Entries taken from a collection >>
======

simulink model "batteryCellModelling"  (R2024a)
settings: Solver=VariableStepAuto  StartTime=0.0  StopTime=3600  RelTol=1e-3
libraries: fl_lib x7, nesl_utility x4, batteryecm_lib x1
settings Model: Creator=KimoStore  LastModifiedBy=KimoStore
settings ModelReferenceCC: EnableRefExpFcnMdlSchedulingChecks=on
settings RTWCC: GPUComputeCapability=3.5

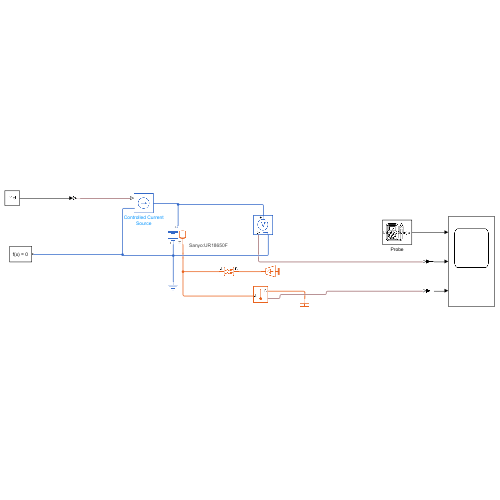
[thumbnail: Simulink's stored preview of the top-level diagram]
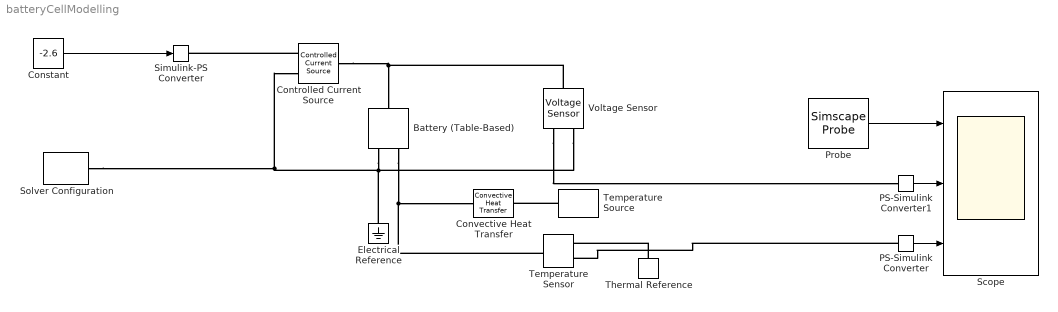
== system batteryCellModelling ==
  Battery (Table-Based) : batteryecm_lib/Battery (Table-Based)  Tag={'toolbox/physmod/battery/shared_library/m/batteryecm_lib_parts';'Battery__Table_Based_/Sanyo/UR18650F.xml'}  SOC_vec=[0 0.01 0.02 0.03 0.04 0.05 0.06 0.07 0.08 0.09 0.1 0.11 0.12 0.13 0.14 0.15 0.16 0.17 0.18 0.19 0.2 0.21 0.22 0.23 0.24 0.25 0.26 0.27 0.28 0.29 0.3 0.31 0.32 0.33 0.34 0.35 0.36 0.37 0.38 0.39 0.4 0.41 0.42 0.43 0.44 0.45 0.46 0.47 0.48 0.49 0.5 0.51 0.52 0.53 0.54 0.55 0.56 0.57 0.58 0.59 0.6 0.61 0.62 0.63 0.64 0.65 0.66 0.67 0.68 0.69 0.7 0.71 0.72 0.73 0.74 0.75 0.76 0.77 0.78 0.79 0.8 0.81 0.82 0.83 0.84 0.85 0.86 0.87 0.88 0.89 0.9 0.91 0.92 0.93 0.94 0.95 0.96 0.97 0.98 0.99 1]  T_dependence=simscape.enum.tablebattery.temperature_dependence.yes  prm_dir=simscape.enum.tablebattery.prm_dir.noCurrentDirectionality  T_vec=[-20 -10 0 20 40] degC  V0_mat=[3.0106 3.0106 3.0106 3.0106 3.0106;3.47625 3.47625 3.47625 3.47625 3.47625;3.60079 3.60079 3.60079 3.60079 3.60079;3.6231 3.6231 3.6231 3.6231 3.6231;3.64643 3.64643 3.64643 3.64643 3.64643;3.64894 3.64894 3.64894 3.64894 3.64894;3.65685 3.65685 3.65685 3.65685 3.65685;3.66356 3.66356 3.66356 3.66356 3.66356;3.66315 3.66315 3.66315 3.66315 3.66315;3.6671 3.6671 3.6671 3.6671 3.6671;3.67003 3.67003 3.67003 3.67003 3.67003;3.67239 3.67239 3.67239 3.67239 3.67239;3.67782 3.67782 3.67782 3.67782 3.67782;3.68366 3.68366 3.68366 3.68366 3.68366;3.68873 3.68873 3.68873 3.68873 3.68873;3.6931 3.6931 3.6931 3.6931 3.6931;3.69764 3.69764 3.69764 3.69764 3.69764;3.70218 3.70218 3.70218 3.70218 3.70218;3.70672 3.70672 3.70672 3.70672 3.70672;3.7109 3.7109 3.7109 3.7109 3.7109;3.71581 3.71581 3.71581 3.71581 3.71581;3.71846 3.71846 3.71846 3.71846 3.71846;3.7202 3.7202 3.7202 3.7202 3.7202;3.72195 3.72195 3.72195 3.72195 3.72195;3.7237 3.7237 3.7237 3.7237 3.7237;3.72544 3.72544 3.72544 3.72544 3.72544;3.72714 3.72714 3.72714 3.72714 3.72714;3.72856 3.72856 3.72856 3.72856 3.72856;3.72994 3.72994 3.72994 3.72994 3.72994;3.73135 3.73135 3.73135 3.73135 3.73135;3.7329 3.7329 3.7329 3.7329 3.7329;3.73481 3.73481 3.73481 3.73481 3.73481;3.73671 3.73671 3.73671 3.73671 3.73671;3.73861 3.73861 3.73861 3.73861 3.73861;3.74052 3.74052 3.74052 3.74052 3.74052;3.74259 3.74259 3.74259 3.74259 3.74259;3.74529 3.74529 3.74529 3.74529 3.74529;3.74799 3.74799 3.74799 3.74799 3.74799;3.75066 3.75066 3.75066 3.75066 3.75066;3.75332 3.75332 3.75332 3.75332 3.75332;3.75598 3.75598 3.75598 3.75598 3.75598;3.75851 3.75851 3.75851 3.75851 3.75851;3.76097 3.76097 3.76097 3.76097 3.76097;3.76344 3.76344 3.76344 3.76344 3.76344;3.76591 3.76591 3.76591 3.76591 3.76591;3.76898 3.76898 3.76898 3.76898 3.76898;3.77223 3.77223 3.77223 3.77223 3.77223;3.77526 3.77526 3.77526 3.77526 3.77526;3.7786 3.7786 3.7786 3.7786 3.7786;3.78229 3.78229 3.78229 3.78229 3.78229;3.78598 3.78598 3.78598 3.78598 3.78598;3.78967 3.78967 3.78967 3.78967 3.78967;3.79335 3.79335 3.79335 3.79335 3.79335;3.79704 3.79704 3.79704 3.79704 3.79704;3.80111 3.80111 3.80111 3.80111 3.80111;3.80653 3.80653 3.80653 3.80653 3.80653;3.81239 3.81239 3.81239 3.81239 3.81239;3.81825 3.81825 3.81825 3.81825 3.81825;3.8241 3.8241 3.8241 3.8241 3.8241;3.82996 3.82996 3.82996 3.82996 3.82996;3.83582 3.83582 3.83582 3.83582 3.83582;3.84168 3.84168 3.84168 3.84168 3.84168;3.84738 3.84738 3.84738 3.84738 3.84738;3.85296 3.85296 3.85296 3.85296 3.85296;3.85814 3.85814 3.85814 3.85814 3.85814;3.86321 3.86321 3.86321 3.86321 3.86321;3.86829 3.86829 3.86829 3.86829 3.86829;3.87336 3.87336 3.87336 3.87336 3.87336;3.87896 3.87896 3.87896 3.87896 3.87896;3.8849 3.8849 3.8849 3.8849 3.8849;3.89135 3.89135 3.89135 3.89135 3.89135;3.8978 3.8978 3.8978 3.8978 3.8978;3.90491 3.90491 3.90491 3.90491 3.90491;3.91294 3.91294 3.91294 3.91294 3.91294;3.92098 3.92098 3.92098 3.92098 3.92098;3.92901 3.92901 3.92901 3.92901 3.92901;3.93705 3.93705 3.93705 3.93705 3.93705;3.94509 3.94509 3.94509 3.94509 3.94509;3.95312 3.95312 3.95312 3.95312 3.95312;3.9617 3.9617 3.9617 3.9617 3.9617;3.97082 3.97082 3.97082 3.97082 3.97082;3.97992 3.97992 3.97992 3.97992 3.97992;3.98896 3.98896 3.98896 3.98896 3.98896;3.99801 3.99801 3.99801 3.99801 3.99801;4.00706 4.00706 4.00706 4.00706 4.00706;4.01633 4.01633 4.01633 4.01633 4.01633;4.02607 4.02607 4.02607 4.02607 4.02607;4.03582 4.03582 4.03582 4.03582 4.03582;4.04554 4.04554 4.04554 4.04554 4.04554;4.05463 4.05463 4.05463 4.05463 4.05463;4.06371 4.06371 4.06371 4.06371 4.06371;4.07279 4.07279 4.07279 4.07279 4.07279;4.08257 4.08257 4.08257 4.08257 4.08257;4.09311 4.09311 4.09311 4.09311 4.09311;4.10365 4.10365 4.10365 4.10365 4.10365;4.11077 4.11077 4.11077 4.11077 4.11077;4.1214 4.1214 4.1214 4.1214 4.1214;4.13525 4.13525 4.13525 4.13525 4.13525;4.14523 4.14523 4.14523 4.14523 4.14523;4.15493 4.15493 4.15493 4.15493 4.15493;4.155 4.155 4.155 4.155 4.155] V  V0_vec=[3.0106 3.47625 3.60079 3.6231 3.64643 3.64894 3.65685 3.66356 3.66315 3.6671 3.67003 3.67239 3.67782 3.68366 3.68873 3.6931 3.69764 3.70218 3.70672 3.7109 3.71581 3.71846 3.7202 3.72195 3.7237 3.72544 3.72714 3.72856 3.72994 3.73135 3.7329 3.73481 3.73671 3.73861 3.74052 3.74259 3.74529 3.74799 3.75066 3.75332 3.75598 3.75851 3.76097 3.76344 3.76591 3.76898 3.77223 3.77526 3.7786 3.78229 3.78598 3.78967 3.79335 3.79704 3.80111 3.80653 3.81239 3.81825 3.8241 3.82996 3.83582 3.84168 3.84738 3.85296 3.85814 3.86321 3.86829 3.87336 3.87896 3.8849 3.89135 3.8978 3.90491 3.91294 3.92098 3.92901 3.93705 3.94509 3.95312 3.9617 3.97082 3.97992 3.98896 3.99801 4.00706 4.01633 4.02607 4.03582 4.04554 4.05463 4.06371 4.07279 4.08257 4.09311 4.10365 4.11077 4.1214 4.13525 4.14523 4.15493 4.155] V  V_range=[2.25 Inf] V  R0_mat=[0.91079 0.64471 0.66005 0.32334 0.22255;0.91079 0.87564 0.84506 0.31805 0.20422;0.91079 0.8329 0.76988 0.27322 0.1707;0.91079 0.79017 0.69471 0.21555 0.13653;0.91079 0.74743 0.61953 0.18044 0.13199;0.91079 0.70469 0.54435 0.15555 0.11839;0.89131 0.66195 0.46917 0.14033 0.11278;0.87183 0.61922 0.40227 0.13004 0.10754;0.85235 0.57648 0.34276 0.1193 0.09921;0.83287 0.53374 0.30357 0.11358 0.0951;0.81339 0.491 0.27082 0.10902 0.09309;0.79391 0.44972 0.25102 0.10452 0.09083;0.77443 0.42218 0.23448 0.10273 0.08991;0.75495 0.40017 0.22136 0.10131 0.08916;0.73547 0.38109 0.21479 0.09982 0.08941;0.71598 0.36438 0.20791 0.09868 0.08984;0.6965 0.34954 0.20223 0.0977 0.09034;0.67702 0.3347 0.1974 0.09672 0.09084;0.65754 0.32449 0.19266 0.09574 0.09135;0.63806 0.31584 0.19038 0.09479 0.09169;0.61858 0.30751 0.18841 0.09475 0.09236;0.5991 0.2982 0.18547 0.09414 0.09204;0.57962 0.28901 0.18213 0.09327 0.0913;0.56014 0.28113 0.17879 0.0924 0.09052;0.54066 0.27326 0.17545 0.09153 0.08974;0.52118 0.26539 0.17294 0.09066 0.08896;0.50169 0.2601 0.17078 0.08979 0.08816;0.48207 0.25588 0.16849 0.08895 0.08724;0.46245 0.25165 0.1662 0.08807 0.0863;0.44825 0.24744 0.16391 0.0872 0.08538;0.43526 0.24328 0.16168 0.08637 0.08451;0.42243 0.23928 0.1596 0.08563 0.0838;0.4096 0.23563 0.15753 0.0849 0.08307;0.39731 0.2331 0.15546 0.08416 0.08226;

======

What to work on >>
Check each line of the data above for the string "settings", and copy the ones that have it.

Reply to the task >>
settings: Solver=VariableStepAuto  StartTime=0.0  StopTime=3600  RelTol=1e-3
settings Model: Creator=KimoStore  LastModifiedBy=KimoStore
settings ModelReferenceCC: EnableRefExpFcnMdlSchedulingChecks=on
settings RTWCC: GPUComputeCapability=3.5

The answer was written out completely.